In early February, 1997 Intuit completed the planned sale of two million shares of CheckFree common stock, reducing its ownership interest in CheckFree to approximately 19.6% of CheckFree's outstanding shares and allowing Intuit to account for its investment in CheckFree using the cost method of accounting. Intuit received approximately $29 million in February in connection with the sale of these shares. Intuit continues to hold an investment in CheckFree Corporation of 10.6 million shares.
Six Month Review and Fiscal Year Outlook
For the six months ended January 31, 1997, net revenue was $368.5 million, compared to $321.2 million for the same period last year. Net revenue in the six months ended January 31, 1996 reflected net revenue from continuing operations and did not include $4.1 million in net revenue attributable to the Company's former online banking and bill payment transaction processing business which was sold to CheckFree Corporation.
The Company reported net income of $87.6 million, or $1.85 per share, during the six months ended January 31, 1997 compared with net income of $1.6 million, or $0.03 per share, for the six months ended January 31, 1996. The results for the six months ended January 31, 1997 included a gain on the sale of discontinued operations of $71.2 million, net of tax, in connection with the sale of Intuit's online banking and bill payment transaction processing business to CheckFree Corporation. Results for the six months ended January 31, 1996 included a loss from discontinued operations of $3.8 million, net of tax, arising from the online banking and bill payment business.

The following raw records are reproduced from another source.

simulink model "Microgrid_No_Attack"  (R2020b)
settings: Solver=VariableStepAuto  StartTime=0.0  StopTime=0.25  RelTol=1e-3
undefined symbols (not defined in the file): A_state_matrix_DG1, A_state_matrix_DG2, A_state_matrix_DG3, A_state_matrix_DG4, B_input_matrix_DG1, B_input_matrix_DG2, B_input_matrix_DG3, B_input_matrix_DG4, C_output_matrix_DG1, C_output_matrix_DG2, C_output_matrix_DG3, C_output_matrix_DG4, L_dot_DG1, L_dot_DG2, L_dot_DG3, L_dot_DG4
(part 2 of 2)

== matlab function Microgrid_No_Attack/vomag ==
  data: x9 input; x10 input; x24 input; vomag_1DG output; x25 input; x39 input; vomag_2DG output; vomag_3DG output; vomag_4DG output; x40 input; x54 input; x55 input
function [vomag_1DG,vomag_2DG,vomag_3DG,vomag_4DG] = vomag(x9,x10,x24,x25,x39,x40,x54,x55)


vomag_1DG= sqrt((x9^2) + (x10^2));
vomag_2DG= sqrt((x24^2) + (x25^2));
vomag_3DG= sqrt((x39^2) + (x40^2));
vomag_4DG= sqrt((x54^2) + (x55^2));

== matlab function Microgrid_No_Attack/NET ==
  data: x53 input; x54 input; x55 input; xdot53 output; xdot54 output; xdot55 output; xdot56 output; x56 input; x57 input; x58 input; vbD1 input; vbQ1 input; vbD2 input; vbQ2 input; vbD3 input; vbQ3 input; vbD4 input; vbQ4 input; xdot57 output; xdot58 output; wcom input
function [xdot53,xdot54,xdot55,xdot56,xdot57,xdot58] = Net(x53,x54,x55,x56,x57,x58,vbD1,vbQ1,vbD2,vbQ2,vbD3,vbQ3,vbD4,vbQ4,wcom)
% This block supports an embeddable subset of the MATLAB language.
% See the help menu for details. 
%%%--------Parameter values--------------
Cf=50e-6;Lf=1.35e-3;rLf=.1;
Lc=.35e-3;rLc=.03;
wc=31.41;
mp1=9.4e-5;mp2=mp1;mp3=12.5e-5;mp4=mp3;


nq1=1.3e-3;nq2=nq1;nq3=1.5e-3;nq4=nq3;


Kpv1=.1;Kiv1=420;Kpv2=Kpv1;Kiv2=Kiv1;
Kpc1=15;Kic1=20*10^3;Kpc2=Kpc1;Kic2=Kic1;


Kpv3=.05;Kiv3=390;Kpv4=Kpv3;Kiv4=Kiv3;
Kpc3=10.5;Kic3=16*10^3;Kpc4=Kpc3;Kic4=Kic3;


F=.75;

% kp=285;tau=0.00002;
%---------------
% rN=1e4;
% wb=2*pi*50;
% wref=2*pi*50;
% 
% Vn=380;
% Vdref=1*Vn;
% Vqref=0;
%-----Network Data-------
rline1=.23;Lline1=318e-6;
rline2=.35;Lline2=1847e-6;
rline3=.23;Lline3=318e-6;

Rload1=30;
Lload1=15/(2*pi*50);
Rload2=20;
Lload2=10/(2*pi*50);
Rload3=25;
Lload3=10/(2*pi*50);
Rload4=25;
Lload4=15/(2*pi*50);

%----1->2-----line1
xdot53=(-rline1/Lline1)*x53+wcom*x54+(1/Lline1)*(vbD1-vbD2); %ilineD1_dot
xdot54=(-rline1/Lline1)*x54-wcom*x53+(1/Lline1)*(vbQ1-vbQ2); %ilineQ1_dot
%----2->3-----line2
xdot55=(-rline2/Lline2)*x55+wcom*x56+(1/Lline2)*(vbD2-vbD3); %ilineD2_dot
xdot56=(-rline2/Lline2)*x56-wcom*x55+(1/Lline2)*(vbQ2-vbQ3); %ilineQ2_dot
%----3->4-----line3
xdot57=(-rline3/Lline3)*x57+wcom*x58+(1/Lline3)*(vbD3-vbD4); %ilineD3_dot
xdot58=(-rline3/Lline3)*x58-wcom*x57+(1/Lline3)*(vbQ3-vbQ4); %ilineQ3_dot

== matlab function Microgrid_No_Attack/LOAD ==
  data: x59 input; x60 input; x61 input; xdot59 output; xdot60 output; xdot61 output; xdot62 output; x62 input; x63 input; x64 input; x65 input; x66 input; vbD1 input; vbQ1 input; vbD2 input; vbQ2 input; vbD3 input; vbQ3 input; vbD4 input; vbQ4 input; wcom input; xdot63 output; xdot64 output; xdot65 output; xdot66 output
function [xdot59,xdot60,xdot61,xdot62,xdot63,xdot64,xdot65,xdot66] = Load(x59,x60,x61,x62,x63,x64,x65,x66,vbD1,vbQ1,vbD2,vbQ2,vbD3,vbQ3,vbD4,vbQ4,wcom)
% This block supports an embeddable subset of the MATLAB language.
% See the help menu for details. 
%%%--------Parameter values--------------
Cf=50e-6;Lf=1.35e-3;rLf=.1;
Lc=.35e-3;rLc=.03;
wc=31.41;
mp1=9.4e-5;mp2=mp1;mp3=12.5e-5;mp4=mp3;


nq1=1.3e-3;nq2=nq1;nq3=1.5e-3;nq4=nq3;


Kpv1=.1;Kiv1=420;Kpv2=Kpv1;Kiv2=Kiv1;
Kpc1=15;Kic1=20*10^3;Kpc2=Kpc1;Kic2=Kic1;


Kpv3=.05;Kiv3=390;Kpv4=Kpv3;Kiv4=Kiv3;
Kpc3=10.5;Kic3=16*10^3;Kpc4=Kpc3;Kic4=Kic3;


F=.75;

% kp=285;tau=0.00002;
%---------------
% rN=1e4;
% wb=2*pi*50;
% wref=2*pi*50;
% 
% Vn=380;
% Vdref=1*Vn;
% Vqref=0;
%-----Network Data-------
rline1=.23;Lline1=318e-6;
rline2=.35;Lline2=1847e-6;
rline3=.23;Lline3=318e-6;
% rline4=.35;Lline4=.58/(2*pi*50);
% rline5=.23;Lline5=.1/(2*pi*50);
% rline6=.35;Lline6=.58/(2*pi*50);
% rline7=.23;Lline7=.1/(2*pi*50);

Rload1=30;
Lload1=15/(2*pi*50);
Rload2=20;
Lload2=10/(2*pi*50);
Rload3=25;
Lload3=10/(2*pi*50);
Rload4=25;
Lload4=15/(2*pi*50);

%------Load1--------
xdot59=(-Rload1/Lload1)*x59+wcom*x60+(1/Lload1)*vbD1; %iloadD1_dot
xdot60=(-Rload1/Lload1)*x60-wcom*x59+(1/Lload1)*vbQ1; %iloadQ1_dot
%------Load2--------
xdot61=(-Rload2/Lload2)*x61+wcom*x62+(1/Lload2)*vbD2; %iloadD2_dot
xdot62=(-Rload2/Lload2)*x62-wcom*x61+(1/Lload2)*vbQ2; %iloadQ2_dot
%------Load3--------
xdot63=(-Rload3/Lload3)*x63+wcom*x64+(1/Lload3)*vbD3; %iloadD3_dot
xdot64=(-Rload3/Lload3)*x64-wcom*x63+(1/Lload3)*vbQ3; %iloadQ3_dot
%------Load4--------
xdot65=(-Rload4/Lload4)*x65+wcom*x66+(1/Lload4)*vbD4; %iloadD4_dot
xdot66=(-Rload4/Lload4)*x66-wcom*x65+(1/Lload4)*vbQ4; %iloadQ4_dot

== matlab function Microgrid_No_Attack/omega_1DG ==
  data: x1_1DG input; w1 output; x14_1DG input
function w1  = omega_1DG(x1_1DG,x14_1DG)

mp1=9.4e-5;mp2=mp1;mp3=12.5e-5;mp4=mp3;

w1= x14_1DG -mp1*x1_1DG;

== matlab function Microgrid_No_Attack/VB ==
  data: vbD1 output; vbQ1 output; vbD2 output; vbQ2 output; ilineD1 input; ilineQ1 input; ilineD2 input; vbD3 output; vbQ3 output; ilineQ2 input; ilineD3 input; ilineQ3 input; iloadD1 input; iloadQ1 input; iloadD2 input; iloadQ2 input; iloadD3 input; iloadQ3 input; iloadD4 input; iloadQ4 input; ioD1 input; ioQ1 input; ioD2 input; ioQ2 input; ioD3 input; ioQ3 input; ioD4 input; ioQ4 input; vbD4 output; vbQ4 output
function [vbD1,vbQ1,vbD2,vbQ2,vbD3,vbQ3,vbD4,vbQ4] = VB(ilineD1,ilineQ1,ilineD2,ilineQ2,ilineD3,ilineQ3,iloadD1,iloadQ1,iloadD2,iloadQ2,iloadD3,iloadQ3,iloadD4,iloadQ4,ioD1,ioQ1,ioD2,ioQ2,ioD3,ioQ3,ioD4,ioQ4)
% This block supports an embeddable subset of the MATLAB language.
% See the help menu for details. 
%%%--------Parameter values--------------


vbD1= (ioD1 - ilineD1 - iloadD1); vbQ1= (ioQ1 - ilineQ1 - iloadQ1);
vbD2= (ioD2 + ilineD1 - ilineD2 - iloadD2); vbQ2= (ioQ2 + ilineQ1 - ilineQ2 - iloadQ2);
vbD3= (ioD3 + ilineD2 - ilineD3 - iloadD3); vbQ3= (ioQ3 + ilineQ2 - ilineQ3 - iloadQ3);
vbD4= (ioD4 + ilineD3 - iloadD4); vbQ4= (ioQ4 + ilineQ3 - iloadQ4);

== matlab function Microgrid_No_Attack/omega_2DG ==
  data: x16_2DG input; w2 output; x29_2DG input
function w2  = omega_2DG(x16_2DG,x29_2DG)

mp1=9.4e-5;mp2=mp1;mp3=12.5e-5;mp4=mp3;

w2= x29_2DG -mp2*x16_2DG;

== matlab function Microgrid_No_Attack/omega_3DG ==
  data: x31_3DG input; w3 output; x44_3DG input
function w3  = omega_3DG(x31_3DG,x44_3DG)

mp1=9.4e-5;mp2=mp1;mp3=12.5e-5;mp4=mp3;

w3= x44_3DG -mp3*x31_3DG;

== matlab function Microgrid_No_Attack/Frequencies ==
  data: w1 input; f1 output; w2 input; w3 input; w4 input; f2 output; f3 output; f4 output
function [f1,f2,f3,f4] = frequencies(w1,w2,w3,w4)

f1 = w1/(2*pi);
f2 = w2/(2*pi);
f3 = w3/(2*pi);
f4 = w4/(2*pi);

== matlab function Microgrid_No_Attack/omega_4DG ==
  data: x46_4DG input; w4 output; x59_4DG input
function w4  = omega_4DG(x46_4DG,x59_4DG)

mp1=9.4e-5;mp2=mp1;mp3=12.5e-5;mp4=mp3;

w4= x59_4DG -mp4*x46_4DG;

Excluding acquisition related charges and a gain on the sale of discontinued operations, net of tax, the Company earned a profit of $38.3 million for the six months ended January 31, 1997. Excluding acquisition related charges and a loss from operations of discontinued operations, net of tax, the Company earned a profit of $31.7 million for the six months ended January 31, 1996.
Earnings per share before acquisition related charges and gain on the sale of discontinued operations, net of tax, were $0.81 for the six months ended January 31, 1997, compared to earnings per share before acquisition related charges and loss from operations of discontinued operations, net of tax, of $0.67 per share for the six months ended January 31, 1996.
Despite 21% revenue growth in the most recent quarter, Intuit's outlook for the second half of fiscal 1997 is cautious. The Company believes there is likely to be continued softness in the consumer software market during the second half of its fiscal year. Mr. Cook commented, "While we now expect revenue growth to be somewhat lower than originally anticipated, we are managing our expenses and investment spending to deliver earnings per share for our shareholders which are in line with the current range of analysts' expectations for the full fiscal year."
The foregoing paragraph contains specific forward looking statements. There can be no assurance that the Company will meet the revenue, earnings per share or other expectations discussed herein, or that the Company will not encounter difficulties in its efforts to meet these expectations. The Company's revenues are difficult to predict with certainty and its expenses are largely fixed over the near term. Accordingly, it may not be possible to achieve expense savings in time to achieve earnings per share targets through expense reductions alone.